Estiró la espalda con un suave gemido mientras su esposa y su hijo preparaban su ger. No es que el pequeño Zhenjin fuera de mucha ayuda, la verdad. Las órdenes de Mongke no se habían extendido a su familia y el chaval, de diez años, seguía llevando una túnica de seda Chin y calzas, junto con un par de suaves botas de piel de borrego. Su trenza de pelo moreno se movía adelante y atrás con cada movimiento. Kublai se esforzó por no reírse al ver que el chico birlaba un puñado de las humeantes tiras de carne que Chabi estaba metiendo en bolsillos de pan. Su mujer había mirado hacia otro lado solo un instante, pero el chico tenía las manos rápidas. Zhenjin se había atiborrado los carrillos antes de que su madre volviera la vista. Fue simple mala suerte que eligiera ese preciso momento para hacerle una pregunta... o quizá no. Chabi adoraba y mimaba a su primogénito, pero eso no significaba que sus instintos se hubieran embotado. Mientras Zhenjin se esforzaba en responder con un bocado de carne caliente en la boca, ella le clavó un dedo en la barriga y el niño escupió un montón de trocitos de comida, riéndose.

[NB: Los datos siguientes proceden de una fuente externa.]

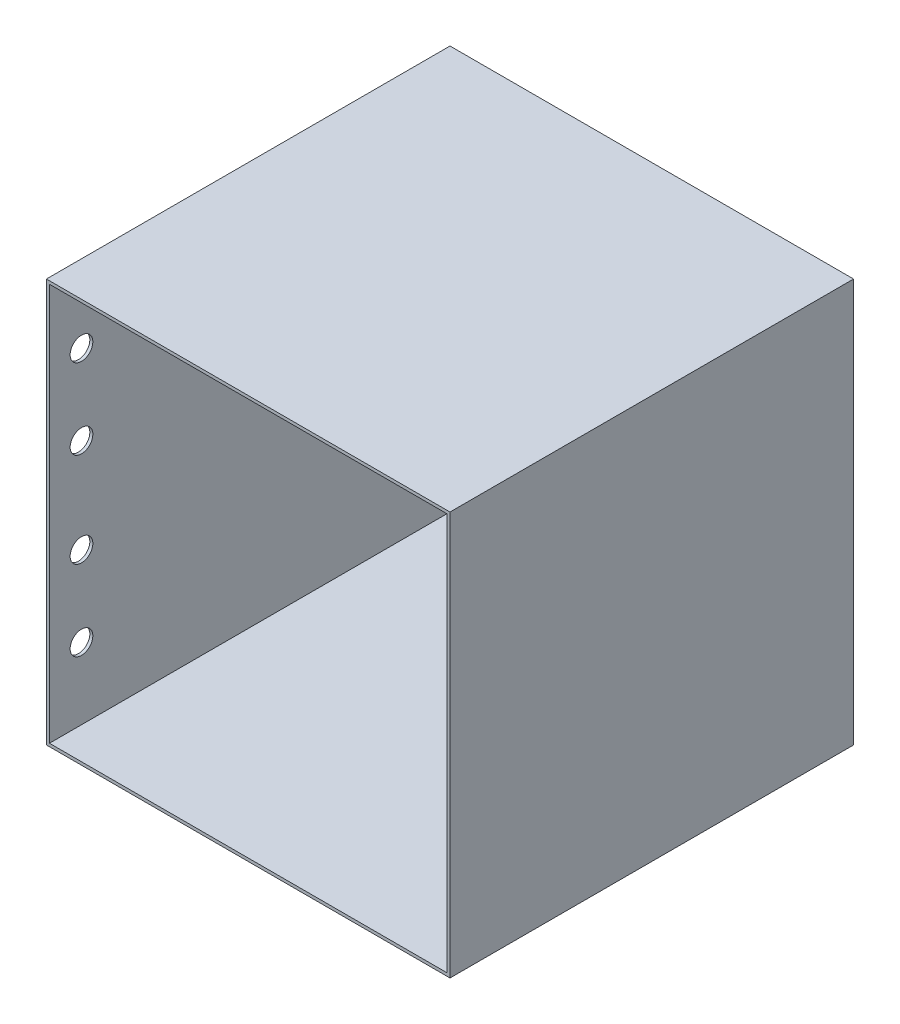
ISO-10303-21;
HEADER;
FILE_DESCRIPTION(('STEP AP214'),'2;1');
FILE_NAME('part.step','',(''),(''),'','','');
FILE_SCHEMA(('AUTOMOTIVE_DESIGN { 1 0 10303 214 1 1 1 1 }'));
ENDSEC;
DATA;
#1=APPLICATION_CONTEXT('core data for automotive mechanical design processes');
#2=APPLICATION_PROTOCOL_DEFINITION('international standard','automotive_design',2000,#1);
#3=PRODUCT_CONTEXT('',#1,'mechanical');
#4=PRODUCT('Part','Part','',(#3));
#5=PRODUCT_RELATED_PRODUCT_CATEGORY('part','',(#4));
#6=PRODUCT_DEFINITION_FORMATION('','',#4);
#7=PRODUCT_DEFINITION_CONTEXT('part definition',#1,'design');
#8=PRODUCT_DEFINITION('design','',#6,#7);
#9=PRODUCT_DEFINITION_SHAPE('','',#8);
#10=(LENGTH_UNIT() NAMED_UNIT(*) SI_UNIT(.MILLI.,.METRE.));
#11=(NAMED_UNIT(*) PLANE_ANGLE_UNIT() SI_UNIT($,.RADIAN.));
#12=(NAMED_UNIT(*) SI_UNIT($,.STERADIAN.) SOLID_ANGLE_UNIT());
#13=UNCERTAINTY_MEASURE_WITH_UNIT(LENGTH_MEASURE(1.E-05),#10,'distance_accuracy_value','');
#14=(GEOMETRIC_REPRESENTATION_CONTEXT(3) GLOBAL_UNCERTAINTY_ASSIGNED_CONTEXT((#13)) GLOBAL_UNIT_ASSIGNED_CONTEXT((#10,
#11,#12)) REPRESENTATION_CONTEXT('',''));
#15=CARTESIAN_POINT('',(0.,0.,0.));
#16=DIRECTION('',(0.,0.,1.));
#17=DIRECTION('',(1.,0.,0.));
#18=AXIS2_PLACEMENT_3D('',#15,#16,#17);
#19=CARTESIAN_POINT('',(0.,0.,80.));
#20=DIRECTION('',(0.,0.,-1.));
#21=DIRECTION('',(-1.,0.,0.));
#22=AXIS2_PLACEMENT_3D('',#19,#20,#21);
#23=PLANE('',#22);
#24=DIRECTION('',(0.,-1.,0.));
#25=VECTOR('',#24,1.);
#26=CARTESIAN_POINT('',(0.,0.,80.));
#27=LINE('',#26,#25);
#28=CARTESIAN_POINT('',(0.,79.9999999999998,80.0000000000002));
#29=VERTEX_POINT('',#28);
#30=CARTESIAN_POINT('',(0.,0.,80.));
#31=VERTEX_POINT('',#30);
#32=EDGE_CURVE('E134',#29,#31,#27,.T.);
#33=ORIENTED_EDGE('',*,*,#32,.T.);
#34=DIRECTION('',(1.,0.,0.));
#35=VECTOR('',#34,1.);
#36=CARTESIAN_POINT('',(0.,0.,80.));
#37=LINE('',#36,#35);
#38=CARTESIAN_POINT('',(80.,0.,80.));
#39=VERTEX_POINT('',#38);
#40=EDGE_CURVE('E137',#31,#39,#37,.T.);
#41=ORIENTED_EDGE('',*,*,#40,.T.);
#42=DIRECTION('',(0.,1.,0.));
#43=VECTOR('',#42,1.);
#44=CARTESIAN_POINT('',(80.,0.,80.));
#45=LINE('',#44,#43);
#46=CARTESIAN_POINT('',(80.,80.0000000000001,80.0000000000002));
#47=VERTEX_POINT('',#46);
#48=EDGE_CURVE('E140',#39,#47,#45,.T.);
#49=ORIENTED_EDGE('',*,*,#48,.T.);
#50=DIRECTION('',(-1.,0.,0.));
#51=VECTOR('',#50,1.);
#52=CARTESIAN_POINT('',(0.,79.9999999999998,80.0000000000002));
#53=LINE('',#52,#51);
#54=EDGE_CURVE('E142',#47,#29,#53,.T.);
#55=ORIENTED_EDGE('',*,*,#54,.T.);
#56=EDGE_LOOP('',(#33,#41,#49,#55));
#57=FACE_BOUND('',#56,.T.);
#58=DIRECTION('',(0.,-1.,0.));
#59=VECTOR('',#58,1.);
#60=CARTESIAN_POINT('',(0.599999999999989,0.,80.));
#61=LINE('',#60,#59);
#62=CARTESIAN_POINT('',(0.600000000000045,79.3999999999999,80.0000000000002));
#63=VERTEX_POINT('',#62);
#64=CARTESIAN_POINT('',(0.600000000000045,0.599999999999934,80.));
#65=VERTEX_POINT('',#64);
#66=EDGE_CURVE('E122',#63,#65,#61,.T.);
#67=ORIENTED_EDGE('',*,*,#66,.F.);
#68=DIRECTION('',(-1.,0.,0.));
#69=VECTOR('',#68,1.);
#70=CARTESIAN_POINT('',(0.,79.3999999999999,80.0000000000002));
#71=LINE('',#70,#69);
#72=CARTESIAN_POINT('',(79.4,79.4000000000001,80.0000000000002));
#73=VERTEX_POINT('',#72);
#74=EDGE_CURVE('E106',#73,#63,#71,.T.);
#75=ORIENTED_EDGE('',*,*,#74,.F.);
#76=DIRECTION('',(0.,1.,0.));
#77=VECTOR('',#76,1.);
#78=CARTESIAN_POINT('',(79.4,0.,80.));
#79=LINE('',#78,#77);
#80=CARTESIAN_POINT('',(79.4,0.600000000000156,80.));
#81=VERTEX_POINT('',#80);
#82=EDGE_CURVE('E131',#81,#73,#79,.T.);
#83=ORIENTED_EDGE('',*,*,#82,.F.);
#84=DIRECTION('',(1.,0.,0.));
#85=VECTOR('',#84,1.);
#86=CARTESIAN_POINT('',(0.,0.599999999999934,80.));
#87=LINE('',#86,#85);
#88=EDGE_CURVE('E124',#65,#81,#87,.T.);
#89=ORIENTED_EDGE('',*,*,#88,.F.);
#90=EDGE_LOOP('',(#67,#75,#83,#89));
#91=FACE_BOUND('',#90,.T.);
#92=ADVANCED_FACE('F36',(#57,#91),#23,.F.);
#93=CARTESIAN_POINT('',(0.,0.,0.));
#94=DIRECTION('',(0.,0.,-1.));
#95=DIRECTION('',(-1.,0.,0.));
#96=AXIS2_PLACEMENT_3D('',#93,#94,#95);
#97=PLANE('',#96);
#98=DIRECTION('',(0.,-1.,0.));
#99=VECTOR('',#98,1.);
#100=CARTESIAN_POINT('',(0.,0.,0.));
#101=LINE('',#100,#99);
#102=CARTESIAN_POINT('',(0.,80.0000000000001,2.22044604925031E-13));
#103=VERTEX_POINT('',#102);
#104=CARTESIAN_POINT('',(0.,0.,0.));
#105=VERTEX_POINT('',#104);
#106=EDGE_CURVE('E145',#103,#105,#101,.T.);
#107=ORIENTED_EDGE('',*,*,#106,.F.);
#108=DIRECTION('',(-1.,0.,0.));
#109=VECTOR('',#108,1.);
#110=CARTESIAN_POINT('',(0.,80.0000000000001,2.22044604925031E-13));
#111=LINE('',#110,#109);
#112=CARTESIAN_POINT('',(80.,79.9999999999996,2.22044604925031E-13));
#113=VERTEX_POINT('',#112);
#114=EDGE_CURVE('E138',#113,#103,#111,.T.);
#115=ORIENTED_EDGE('',*,*,#114,.F.);
#116=DIRECTION('',(0.,1.,0.));
#117=VECTOR('',#116,1.);
#118=CARTESIAN_POINT('',(80.,-4.44089209850063E-13,0.));
#119=LINE('',#118,#117);
#120=CARTESIAN_POINT('',(80.,-4.44089209850063E-13,0.));
#121=VERTEX_POINT('',#120);
#122=EDGE_CURVE('E150',#121,#113,#119,.T.);
#123=ORIENTED_EDGE('',*,*,#122,.F.);
#124=DIRECTION('',(1.,0.,0.));
#125=VECTOR('',#124,1.);
#126=CARTESIAN_POINT('',(0.,0.,0.));
#127=LINE('',#126,#125);
#128=EDGE_CURVE('E148',#105,#121,#127,.T.);
#129=ORIENTED_EDGE('',*,*,#128,.F.);
#130=EDGE_LOOP('',(#107,#115,#123,#129));
#131=FACE_BOUND('',#130,.T.);
#132=DIRECTION('',(-1.,0.,0.));
#133=VECTOR('',#132,1.);
#134=CARTESIAN_POINT('',(0.,79.3999999999999,0.));
#135=LINE('',#134,#133);
#136=CARTESIAN_POINT('',(79.4,79.3999999999999,0.));
#137=VERTEX_POINT('',#136);
#138=CARTESIAN_POINT('',(0.600000000000045,79.3999999999999,0.));
#139=VERTEX_POINT('',#138);
#140=EDGE_CURVE('E104',#137,#139,#135,.T.);
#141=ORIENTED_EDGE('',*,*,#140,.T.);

Kublai sonrió. Todavía podía sorprenderse ante la intensidad de sus emociones cuando contemplaba a su familia. No era solo que el niño le llenara de alegría, sino que un momento con su familia podía hacerle entender de repente a sus propios padres. Su padre había entregado su vida para salvar a un khan y, por fin, Kublai había conseguido apreciar el alcance de ese sacrificio. Su padre había actuado por el bien de la nación, sabiendo que nunca volvería a ver a sus hijos o a su esposa. De un modo extraño, su gesto había dejado una deuda pendiente que todos ellos debían pagar, así como la certeza de que, fueran cuales fueran sus vidas, nunca podrían igualar ese acto final de su padre. Kublai intuía que Mongke se enfrentaba a esa misma carga. Su hermano mayor estaba tratando de alcanzar un ideal, pero nunca encontraría la paz buscando la aprobación de los muertos.
Al menos, Mongke no había escatimado en hombres ni suministros. Kublai, a quien se le había asignado Uriang-Khadai como orlok y Bayar como general en jefe, viajaba con doscientos cañones de hierro y miles de carros llenos de pólvora y piezas de equipamiento cubiertos por pesadas lonas. Contaba con un personal de noventa y cuatro hombres y mujeres destinado a hacerse cargo de las necesidades de la nación en movimiento. Mientras se dejaba llevar por su ensoñación, vio a algunos de ellos en las inmediaciones. Cuando hubiera terminado de comer, le visitarían en su ger para comunicarle los detalles, las quejas y los problemas de muchos. Suspiró ante la perspectiva, pero sabía que las tareas de las que debía ocuparse no le sobrepasaban, todavía no. Caía como una piedra en el sueño todas las noches, pero, aun así, seguía levantándose antes de que amaneciera para practicar con la espada y el arco. Cuando la armadura había dejado de resultarle pesada, Kublai pudo incluso imaginarse dándole las gracias a Mongke por los cambios que había propiciado en él. El khan sabía más sobre lo que significaba ser un guerrero que su hermano menor. Por desgracia, era lo único que sabía.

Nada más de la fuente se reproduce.